Did you consider metrics like:
Sales per dealer, profit per dealer
profit over sales ratio for entire groups
and similar metrics where you normalize before you compare.
Thanks Luisa. That seems to help in normalizing the data.
Thanks Nitish. I did not think of that. That is a good suggestion though.
With a sample size that large you have more than enough statistical power to use a non-parametric test like the Mann-Whitney U test for stochastic dominance in a single ranking dimension, like say sales. Odds are good though that there will be a statistically significant difference, simply due to the large sample size. The harder question is whether or not it is a meaningful difference, which is driven by two considerations: First, why is there a difference? Answering that depends on whether you have included the correct explanatory latent variables in your data. Second, is the difference large enough to have an operational impact.
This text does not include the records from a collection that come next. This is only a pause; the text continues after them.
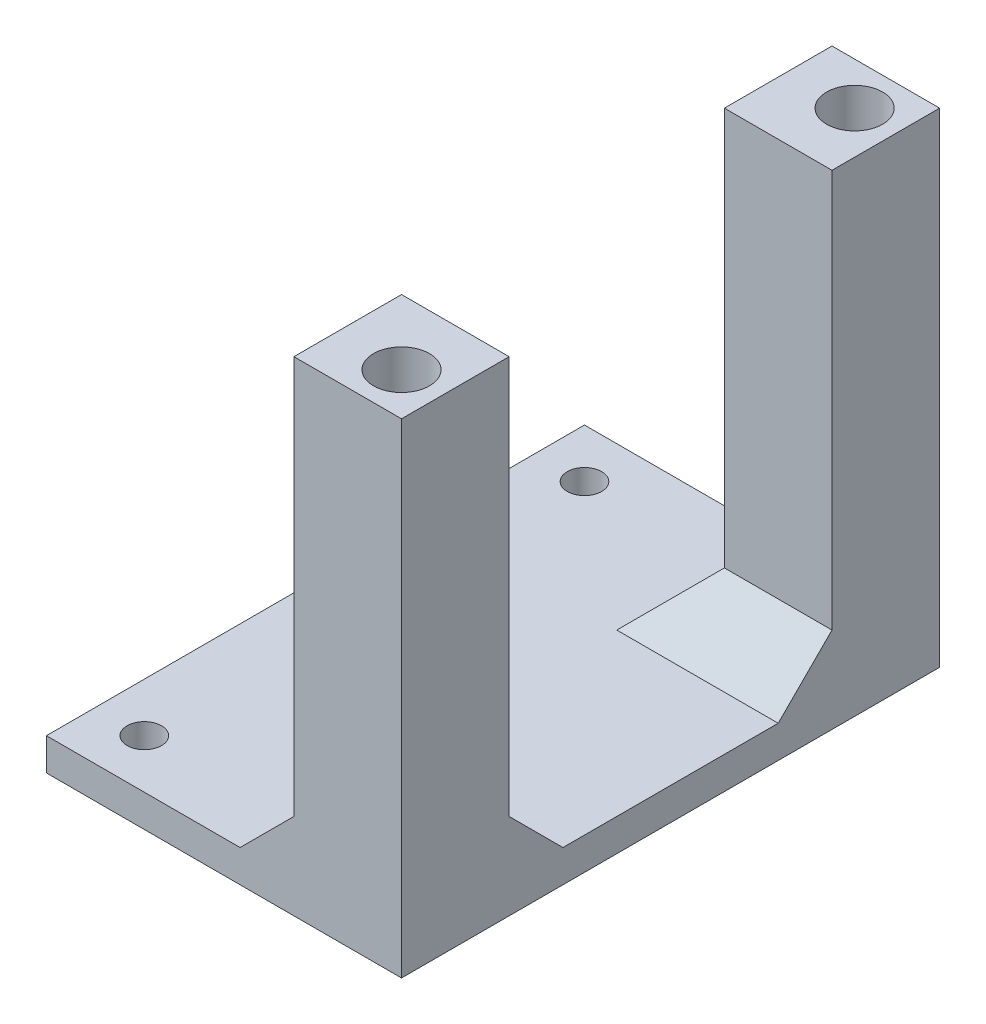
ISO-10303-21;
HEADER;
FILE_DESCRIPTION(('STEP AP214'),'2;1');
FILE_NAME('part.step','',(''),(''),'','','');
FILE_SCHEMA(('AUTOMOTIVE_DESIGN { 1 0 10303 214 1 1 1 1 }'));
ENDSEC;
DATA;
#1=APPLICATION_CONTEXT('core data for automotive mechanical design processes');
#2=APPLICATION_PROTOCOL_DEFINITION('international standard','automotive_design',2000,#1);
#3=PRODUCT_CONTEXT('',#1,'mechanical');
#4=PRODUCT('Part','Part','',(#3));
#5=PRODUCT_RELATED_PRODUCT_CATEGORY('part','',(#4));
#6=PRODUCT_DEFINITION_FORMATION('','',#4);
#7=PRODUCT_DEFINITION_CONTEXT('part definition',#1,'design');
#8=PRODUCT_DEFINITION('design','',#6,#7);
#9=PRODUCT_DEFINITION_SHAPE('','',#8);
#10=(LENGTH_UNIT() NAMED_UNIT(*) SI_UNIT(.MILLI.,.METRE.));
#11=(NAMED_UNIT(*) PLANE_ANGLE_UNIT() SI_UNIT($,.RADIAN.));
#12=(NAMED_UNIT(*) SI_UNIT($,.STERADIAN.) SOLID_ANGLE_UNIT());
#13=UNCERTAINTY_MEASURE_WITH_UNIT(LENGTH_MEASURE(1.E-05),#10,'distance_accuracy_value','');
#14=(GEOMETRIC_REPRESENTATION_CONTEXT(3) GLOBAL_UNCERTAINTY_ASSIGNED_CONTEXT((#13)) GLOBAL_UNIT_ASSIGNED_CONTEXT((#10,
#11,#12)) REPRESENTATION_CONTEXT('',''));
#15=CARTESIAN_POINT('',(0.,0.,0.));
#16=DIRECTION('',(0.,0.,1.));
#17=DIRECTION('',(1.,0.,0.));
#18=AXIS2_PLACEMENT_3D('',#15,#16,#17);
#19=CARTESIAN_POINT('',(0.,3.,0.));
#20=DIRECTION('',(0.,-1.,0.));
#21=DIRECTION('',(0.,0.,-1.));
#22=AXIS2_PLACEMENT_3D('',#19,#20,#21);
#23=PLANE('',#22);
#24=CARTESIAN_POINT('',(-1.96239669421488,3.,-5.13595041322314));
#25=DIRECTION('',(0.,1.,0.));
#26=DIRECTION('',(0.,0.,1.));
#27=AXIS2_PLACEMENT_3D('',#24,#25,#26);
#28=CIRCLE('',#27,1.6);
#29=CARTESIAN_POINT('',(-1.96239669421488,3.,-3.53595041322314));
#30=VERTEX_POINT('',#29);
#31=EDGE_CURVE('E277',#30,#30,#28,.T.);
#32=ORIENTED_EDGE('',*,*,#31,.F.);
#33=EDGE_LOOP('',(#32));
#34=FACE_BOUND('',#33,.T.);
#35=CARTESIAN_POINT('',(-1.96239669421487,3.,35.7640495867769));
#36=DIRECTION('',(0.,1.,0.));
#37=DIRECTION('',(0.,0.,1.));
#38=AXIS2_PLACEMENT_3D('',#35,#36,#37);
#39=CIRCLE('',#38,1.6);
#40=CARTESIAN_POINT('',(-1.96239669421487,3.,37.3640495867769));
#41=VERTEX_POINT('',#40);
#42=EDGE_CURVE('E269',#41,#41,#39,.T.);
#43=ORIENTED_EDGE('',*,*,#42,.F.);
#44=EDGE_LOOP('',(#43));
#45=FACE_BOUND('',#44,.T.);
#46=DIRECTION('',(-1.,0.,0.));
#47=VECTOR('',#46,1.);
#48=CARTESIAN_POINT('',(16.4876033057851,3.,5.31404958677684));
#49=LINE('',#48,#47);
#50=CARTESIAN_POINT('',(26.4876033057851,3.,5.31404958677684));
#51=VERTEX_POINT('',#50);
#52=CARTESIAN_POINT('',(11.4876033057851,3.,5.31404958677685));
#53=VERTEX_POINT('',#52);
#54=EDGE_CURVE('E329',#51,#53,#49,.T.);
#55=ORIENTED_EDGE('',*,*,#54,.T.);
#56=DIRECTION('',(0.,0.,-1.));
#57=VECTOR('',#56,1.);
#58=CARTESIAN_POINT('',(11.4876033057851,3.,-9.68595041322314));
#59=LINE('',#58,#57);
#60=CARTESIAN_POINT('',(11.4876033057851,3.,-9.68595041322314));
#61=VERTEX_POINT('',#60);
#62=EDGE_CURVE('E332',#53,#61,#59,.T.);
#63=ORIENTED_EDGE('',*,*,#62,.T.);
#64=DIRECTION('',(1.,0.,0.));
#65=VECTOR('',#64,1.);
#66=CARTESIAN_POINT('',(-6.51239669421488,3.,-9.68595041322314));
#67=LINE('',#66,#65);
#68=CARTESIAN_POINT('',(-6.51239669421488,3.,-9.68595041322314));
#69=VERTEX_POINT('',#68);
#70=EDGE_CURVE('E285',#69,#61,#67,.T.);
#71=ORIENTED_EDGE('',*,*,#70,.F.);
#72=DIRECTION('',(0.,0.,1.));
#73=VECTOR('',#72,1.);
#74=CARTESIAN_POINT('',(-6.51239669421488,3.,-9.68595041322314));
#75=LINE('',#74,#73);
#76=CARTESIAN_POINT('',(-6.51239669421487,3.,40.3140495867769));
#77=VERTEX_POINT('',#76);
#78=EDGE_CURVE('E207',#69,#77,#75,.T.);
#79=ORIENTED_EDGE('',*,*,#78,.T.);
#80=DIRECTION('',(1.,0.,0.));
#81=VECTOR('',#80,1.);
#82=CARTESIAN_POINT('',(1.48760330578513,3.,40.3140495867769));
#83=LINE('',#82,#81);
#84=CARTESIAN_POINT('',(11.4876033057852,3.,40.3140495867769));
#85=VERTEX_POINT('',#84);
#86=EDGE_CURVE('E293',#77,#85,#83,.T.);
#87=ORIENTED_EDGE('',*,*,#86,.T.);
#88=DIRECTION('',(0.,0.,-1.));
#89=VECTOR('',#88,1.);
#90=CARTESIAN_POINT('',(11.4876033057852,3.,30.3140495867769));
#91=LINE('',#90,#89);
#92=CARTESIAN_POINT('',(11.4876033057852,3.,25.3140495867769));
#93=VERTEX_POINT('',#92);
#94=EDGE_CURVE('E326',#85,#93,#91,.T.);
#95=ORIENTED_EDGE('',*,*,#94,.T.);
#96=DIRECTION('',(1.,0.,0.));
#97=VECTOR('',#96,1.);
#98=CARTESIAN_POINT('',(26.4876033057851,3.,25.3140495867769));
#99=LINE('',#98,#97);
#100=CARTESIAN_POINT('',(26.4876033057851,3.,25.3140495867769));
#101=VERTEX_POINT('',#100);
#102=EDGE_CURVE('E323',#93,#101,#99,.T.);
#103=ORIENTED_EDGE('',*,*,#102,.T.);
#104=DIRECTION('',(0.,0.,1.));
#105=VECTOR('',#104,1.);
#106=CARTESIAN_POINT('',(26.4876033057851,3.,-9.68595041322314));
#107=LINE('',#106,#105);
#108=EDGE_CURVE('E289',#51,#101,#107,.T.);
#109=ORIENTED_EDGE('',*,*,#108,.F.);
#110=EDGE_LOOP('',(#55,#63,#71,#79,#87,#95,#103,#109));
#111=FACE_BOUND('',#110,.T.);
#112=ADVANCED_FACE('F95',(#34,#45,#111),#23,.F.);
#113=CARTESIAN_POINT('',(0.,0.,0.));
#114=DIRECTION('',(0.,-1.,0.));
#115=DIRECTION('',(0.,0.,-1.));
#116=AXIS2_PLACEMENT_3D('',#113,#114,#115);
#117=PLANE('',#116);
#118=CARTESIAN_POINT('',(22.5376033057851,0.,36.3640495867769));
#119=DIRECTION('',(0.,-1.,0.));
#120=DIRECTION('',(0.,0.,-1.));
#121=AXIS2_PLACEMENT_3D('',#118,#119,#120);
#122=CIRCLE('',#121,2.6);
#123=CARTESIAN_POINT('',(22.5376033057851,0.,33.7640495867769));
#124=VERTEX_POINT('',#123);
#125=EDGE_CURVE('E228',#124,#124,#122,.T.);
#126=ORIENTED_EDGE('',*,*,#125,.F.);
#127=EDGE_LOOP('',(#126));
#128=FACE_BOUND('',#127,.T.);
#129=CARTESIAN_POINT('',(22.5376033057851,0.,-5.73595041322314));
#130=DIRECTION('',(0.,-1.,0.));
#131=DIRECTION('',(0.,0.,-1.));
#132=AXIS2_PLACEMENT_3D('',#129,#130,#131);
#133=CIRCLE('',#132,2.6);
#134=CARTESIAN_POINT('',(22.5376033057851,0.,-8.33595041322314));
#135=VERTEX_POINT('',#134);
#136=EDGE_CURVE('E370',#135,#135,#133,.T.);
#137=ORIENTED_EDGE('',*,*,#136,.F.);
#138=EDGE_LOOP('',(#137));
#139=FACE_BOUND('',#138,.T.);
#140=CARTESIAN_POINT('',(-1.96239669421488,0.,-5.13595041322314));
#141=DIRECTION('',(0.,1.,0.));
#142=DIRECTION('',(0.,0.,1.));
#143=AXIS2_PLACEMENT_3D('',#140,#141,#142);
#144=CIRCLE('',#143,1.6);
#145=CARTESIAN_POINT('',(-1.96239669421488,0.,-3.53595041322314));
#146=VERTEX_POINT('',#145);
#147=EDGE_CURVE('E273',#146,#146,#144,.T.);
#148=ORIENTED_EDGE('',*,*,#147,.T.);
#149=EDGE_LOOP('',(#148));
#150=FACE_BOUND('',#149,.T.);
#151=DIRECTION('',(0.,0.,1.));
#152=VECTOR('',#151,1.);
#153=CARTESIAN_POINT('',(-6.51239669421488,0.,-9.68595041322314));
#154=LINE('',#153,#152);
#155=CARTESIAN_POINT('',(-6.51239669421488,0.,-9.68595041322314));
#156=VERTEX_POINT('',#155);
#157=CARTESIAN_POINT('',(-6.51239669421487,0.,40.3140495867769));
#158=VERTEX_POINT('',#157);
#159=EDGE_CURVE('E290',#156,#158,#154,.T.);
#160=ORIENTED_EDGE('',*,*,#159,.F.);
#161=DIRECTION('',(1.,0.,0.));
#162=VECTOR('',#161,1.);
#163=CARTESIAN_POINT('',(1.48760330578512,0.,-9.68595041322314));
#164=LINE('',#163,#162);
#165=CARTESIAN_POINT('',(26.4876033057851,0.,-9.68595041322314));
#166=VERTEX_POINT('',#165);
#167=EDGE_CURVE('E281',#156,#166,#164,.T.);
#168=ORIENTED_EDGE('',*,*,#167,.T.);
#169=DIRECTION('',(0.,0.,1.));
#170=VECTOR('',#169,1.);
#171=CARTESIAN_POINT('',(26.4876033057851,0.,-9.68595041322314));
#172=LINE('',#171,#170);
#173=CARTESIAN_POINT('',(26.4876033057851,0.,40.3140495867769));
#174=VERTEX_POINT('',#173);
#175=EDGE_CURVE('E202',#166,#174,#172,.T.);
#176=ORIENTED_EDGE('',*,*,#175,.T.);
#177=DIRECTION('',(1.,0.,0.));
#178=VECTOR('',#177,1.);
#179=CARTESIAN_POINT('',(-6.51239669421487,0.,40.3140495867769));
#180=LINE('',#179,#178);
#181=EDGE_CURVE('E304',#158,#174,#180,.T.);
#182=ORIENTED_EDGE('',*,*,#181,.F.);
#183=EDGE_LOOP('',(#160,#168,#176,#182));
#184=FACE_BOUND('',#183,.T.);
#185=CARTESIAN_POINT('',(-1.96239669421487,0.,35.7640495867769));
#186=DIRECTION('',(0.,1.,0.));
#187=DIRECTION('',(0.,0.,1.));
#188=AXIS2_PLACEMENT_3D('',#185,#186,#187);
#189=CIRCLE('',#188,1.6);
#190=CARTESIAN_POINT('',(-1.96239669421487,0.,37.3640495867769));
#191=VERTEX_POINT('',#190);
#192=EDGE_CURVE('E268',#191,#191,#189,.T.);
#193=ORIENTED_EDGE('',*,*,#192,.T.);
#194=EDGE_LOOP('',(#193));
#195=FACE_BOUND('',#194,.T.);
#196=ADVANCED_FACE('F405',(#128,#139,#150,#184,#195),#117,.T.);
#197=CARTESIAN_POINT('',(-6.51239669421488,3.,-9.68595041322314));
#198=DIRECTION('',(1.,0.,0.));
#199=DIRECTION('',(0.,0.,-1.));
#200=AXIS2_PLACEMENT_3D('',#197,#198,#199);
#201=PLANE('',#200);
#202=ORIENTED_EDGE('',*,*,#159,.T.);
#203=DIRECTION('',(0.,-1.,0.));
#204=VECTOR('',#203,1.);
#205=CARTESIAN_POINT('',(-6.51239669421487,3.,40.3140495867769));
#206=LINE('',#205,#204);
#207=EDGE_CURVE('E314',#77,#158,#206,.T.);
#208=ORIENTED_EDGE('',*,*,#207,.F.);
#209=ORIENTED_EDGE('',*,*,#78,.F.);
#210=DIRECTION('',(0.,-1.,0.));
#211=VECTOR('',#210,1.);
#212=CARTESIAN_POINT('',(-6.51239669421488,3.,-9.68595041322314));
#213=LINE('',#212,#211);
#214=EDGE_CURVE('E309',#69,#156,#213,.T.);
#215=ORIENTED_EDGE('',*,*,#214,.T.);
#216=EDGE_LOOP('',(#202,#208,#209,#215));
#217=FACE_BOUND('',#216,.T.);
#218=ADVANCED_FACE('F411',(#217),#201,.F.);
#219=CARTESIAN_POINT('',(-6.51239669421487,3.,40.3140495867769));
#220=DIRECTION('',(0.,0.,-1.));
#221=DIRECTION('',(-1.,0.,0.));
#222=AXIS2_PLACEMENT_3D('',#219,#220,#221);
#223=PLANE('',#222);
#224=ORIENTED_EDGE('',*,*,#181,.T.);
#225=DIRECTION('',(0.,-1.,0.));
#226=VECTOR('',#225,1.);
#227=CARTESIAN_POINT('',(26.4876033057851,3.,40.3140495867769));
#228=LINE('',#227,#226);
#229=CARTESIAN_POINT('',(26.4876033057851,45.,40.3140495867769));
#230=VERTEX_POINT('',#229);
#231=EDGE_CURVE('E206',#230,#174,#228,.T.);
#232=ORIENTED_EDGE('',*,*,#231,.F.);
#233=DIRECTION('',(1.,0.,0.));
#234=VECTOR('',#233,1.);
#235=CARTESIAN_POINT('',(26.4876033057851,45.,40.3140495867769));
#236=LINE('',#235,#234);
#237=CARTESIAN_POINT('',(16.4876033057851,45.,40.3140495867769));
#238=VERTEX_POINT('',#237);
#239=EDGE_CURVE('E254',#238,#230,#236,.T.);
#240=ORIENTED_EDGE('',*,*,#239,.F.);
#241=DIRECTION('',(0.,-1.,0.));
#242=VECTOR('',#241,1.);
#243=CARTESIAN_POINT('',(16.4876033057851,45.,40.3140495867769));
#244=LINE('',#243,#242);
#245=CARTESIAN_POINT('',(16.4876033057851,8.00000000000004,40.3140495867769));
#246=VERTEX_POINT('',#245);
#247=EDGE_CURVE('E258',#238,#246,#244,.T.);
#248=ORIENTED_EDGE('',*,*,#247,.T.);
#249=DIRECTION('',(0.707106781186544,0.707106781186551,0.));
#250=VECTOR('',#249,1.);
#251=CARTESIAN_POINT('',(2.48760330578524,-6.00000000000001,40.3140495867769));
#252=LINE('',#251,#250);
#253=EDGE_CURVE('E106',#246,#85,#252,.F.);
#254=ORIENTED_EDGE('',*,*,#253,.T.);
#255=ORIENTED_EDGE('',*,*,#86,.F.);
#256=ORIENTED_EDGE('',*,*,#207,.T.);
#257=EDGE_LOOP('',(#224,#232,#240,#248,#254,#255,#256));
#258=FACE_BOUND('',#257,.T.);
#259=ADVANCED_FACE('F352',(#258),#223,.F.);
#260=CARTESIAN_POINT('',(26.4876033057851,3.,-9.68595041322314));
#261=DIRECTION('',(1.,0.,0.));
#262=DIRECTION('',(0.,0.,-1.));
#263=AXIS2_PLACEMENT_3D('',#260,#261,#262);
#264=PLANE('',#263);
#265=ORIENTED_EDGE('',*,*,#175,.F.);
#266=DIRECTION('',(0.,-1.,0.));
#267=VECTOR('',#266,1.);
#268=CARTESIAN_POINT('',(26.4876033057851,3.,-9.68595041322314));
#269=LINE('',#268,#267);
#270=CARTESIAN_POINT('',(26.4876033057851,45.,-9.68595041322314));
#271=VERTEX_POINT('',#270);
#272=EDGE_CURVE('E194',#271,#166,#269,.T.);
#273=ORIENTED_EDGE('',*,*,#272,.F.);
#274=DIRECTION('',(0.,0.,-1.));
#275=VECTOR('',#274,1.);
#276=CARTESIAN_POINT('',(26.4876033057851,45.,-9.68595041322314));
#277=LINE('',#276,#275);
#278=CARTESIAN_POINT('',(26.4876033057851,45.,0.314049586776862));
#279=VERTEX_POINT('',#278);
#280=EDGE_CURVE('E199',#279,#271,#277,.T.);
#281=ORIENTED_EDGE('',*,*,#280,.F.);
#282=DIRECTION('',(0.,-1.,0.));
#283=VECTOR('',#282,1.);
#284=CARTESIAN_POINT('',(26.4876033057851,45.,0.314049586776862));
#285=LINE('',#284,#283);
#286=CARTESIAN_POINT('',(26.4876033057851,8.00000000000006,0.314049586776862));
#287=VERTEX_POINT('',#286);
#288=EDGE_CURVE('E235',#279,#287,#285,.T.);
#289=ORIENTED_EDGE('',*,*,#288,.T.);
#290=DIRECTION('',(0.,0.707106781186552,-0.707106781186543));
#291=VECTOR('',#290,1.);
#292=CARTESIAN_POINT('',(26.4876033057851,8.00000000000004,0.314049586776862));
#293=LINE('',#292,#291);
#294=EDGE_CURVE('E347',#287,#51,#293,.F.);
#295=ORIENTED_EDGE('',*,*,#294,.T.);
#296=ORIENTED_EDGE('',*,*,#108,.T.);
#297=DIRECTION('',(0.,-0.707106781186551,-0.707106781186544));
#298=VECTOR('',#297,1.);
#299=CARTESIAN_POINT('',(26.4876033057851,8.00000000000003,30.3140495867769));
#300=LINE('',#299,#298);
#301=CARTESIAN_POINT('',(26.4876033057851,8.00000000000004,30.3140495867769));
#302=VERTEX_POINT('',#301);
#303=EDGE_CURVE('E14',#101,#302,#300,.F.);
#304=ORIENTED_EDGE('',*,*,#303,.T.);
#305=DIRECTION('',(0.,-1.,0.));
#306=VECTOR('',#305,1.);
#307=CARTESIAN_POINT('',(26.4876033057851,45.,30.3140495867769));
#308=LINE('',#307,#306);
#309=CARTESIAN_POINT('',(26.4876033057851,45.,30.3140495867769));
#310=VERTEX_POINT('',#309);
#311=EDGE_CURVE('E265',#310,#302,#308,.T.);
#312=ORIENTED_EDGE('',*,*,#311,.F.);
#313=DIRECTION('',(0.,0.,-1.));
#314=VECTOR('',#313,1.);
#315=CARTESIAN_POINT('',(26.4876033057851,45.,40.3140495867769));
#316=LINE('',#315,#314);
#317=EDGE_CURVE('E244',#230,#310,#316,.T.);
#318=ORIENTED_EDGE('',*,*,#317,.F.);
#319=ORIENTED_EDGE('',*,*,#231,.T.);
#320=EDGE_LOOP('',(#265,#273,#281,#289,#295,#296,#304,#312,#318,#319));
#321=FACE_BOUND('',#320,.T.);
#322=ADVANCED_FACE('F196',(#321),#264,.T.);
#323=CARTESIAN_POINT('',(1.48760330578512,3.,-9.68595041322314));
#324=DIRECTION('',(0.,0.,-1.));
#325=DIRECTION('',(-1.,0.,0.));
#326=AXIS2_PLACEMENT_3D('',#323,#324,#325);
#327=PLANE('',#326);
#328=ORIENTED_EDGE('',*,*,#167,.F.);
#329=ORIENTED_EDGE('',*,*,#214,.F.);
#330=ORIENTED_EDGE('',*,*,#70,.T.);
#331=DIRECTION('',(-0.707106781186543,-0.707106781186552,0.));
#332=VECTOR('',#331,1.);
#333=CARTESIAN_POINT('',(16.4876033057851,8.00000000000004,-9.68595041322314));
#334=LINE('',#333,#332);
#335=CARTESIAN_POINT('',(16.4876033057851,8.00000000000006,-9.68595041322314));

With a sample size that large, even a less powerful non-parametric test will be very sensitive to small differences in the distributions.
The really powerful question is to ask: accounting for all the factors that the dealers cannot control, what is the difference in sales? In the life sciences this is referred to as risk adjustment, although propensity scoring might work as well. Answering this question will not only tell you which dealers are adding the most value due to their behaviour, but also which dealers have large unrealised potential for generating sales, if placed in a better market.
For any financial data I would advise against any tests, like the t-test, which rely on assumptions of normality. Most financial processes tend to originate from geometric stochastic processes, which results in variables whose distributions have power-law tails.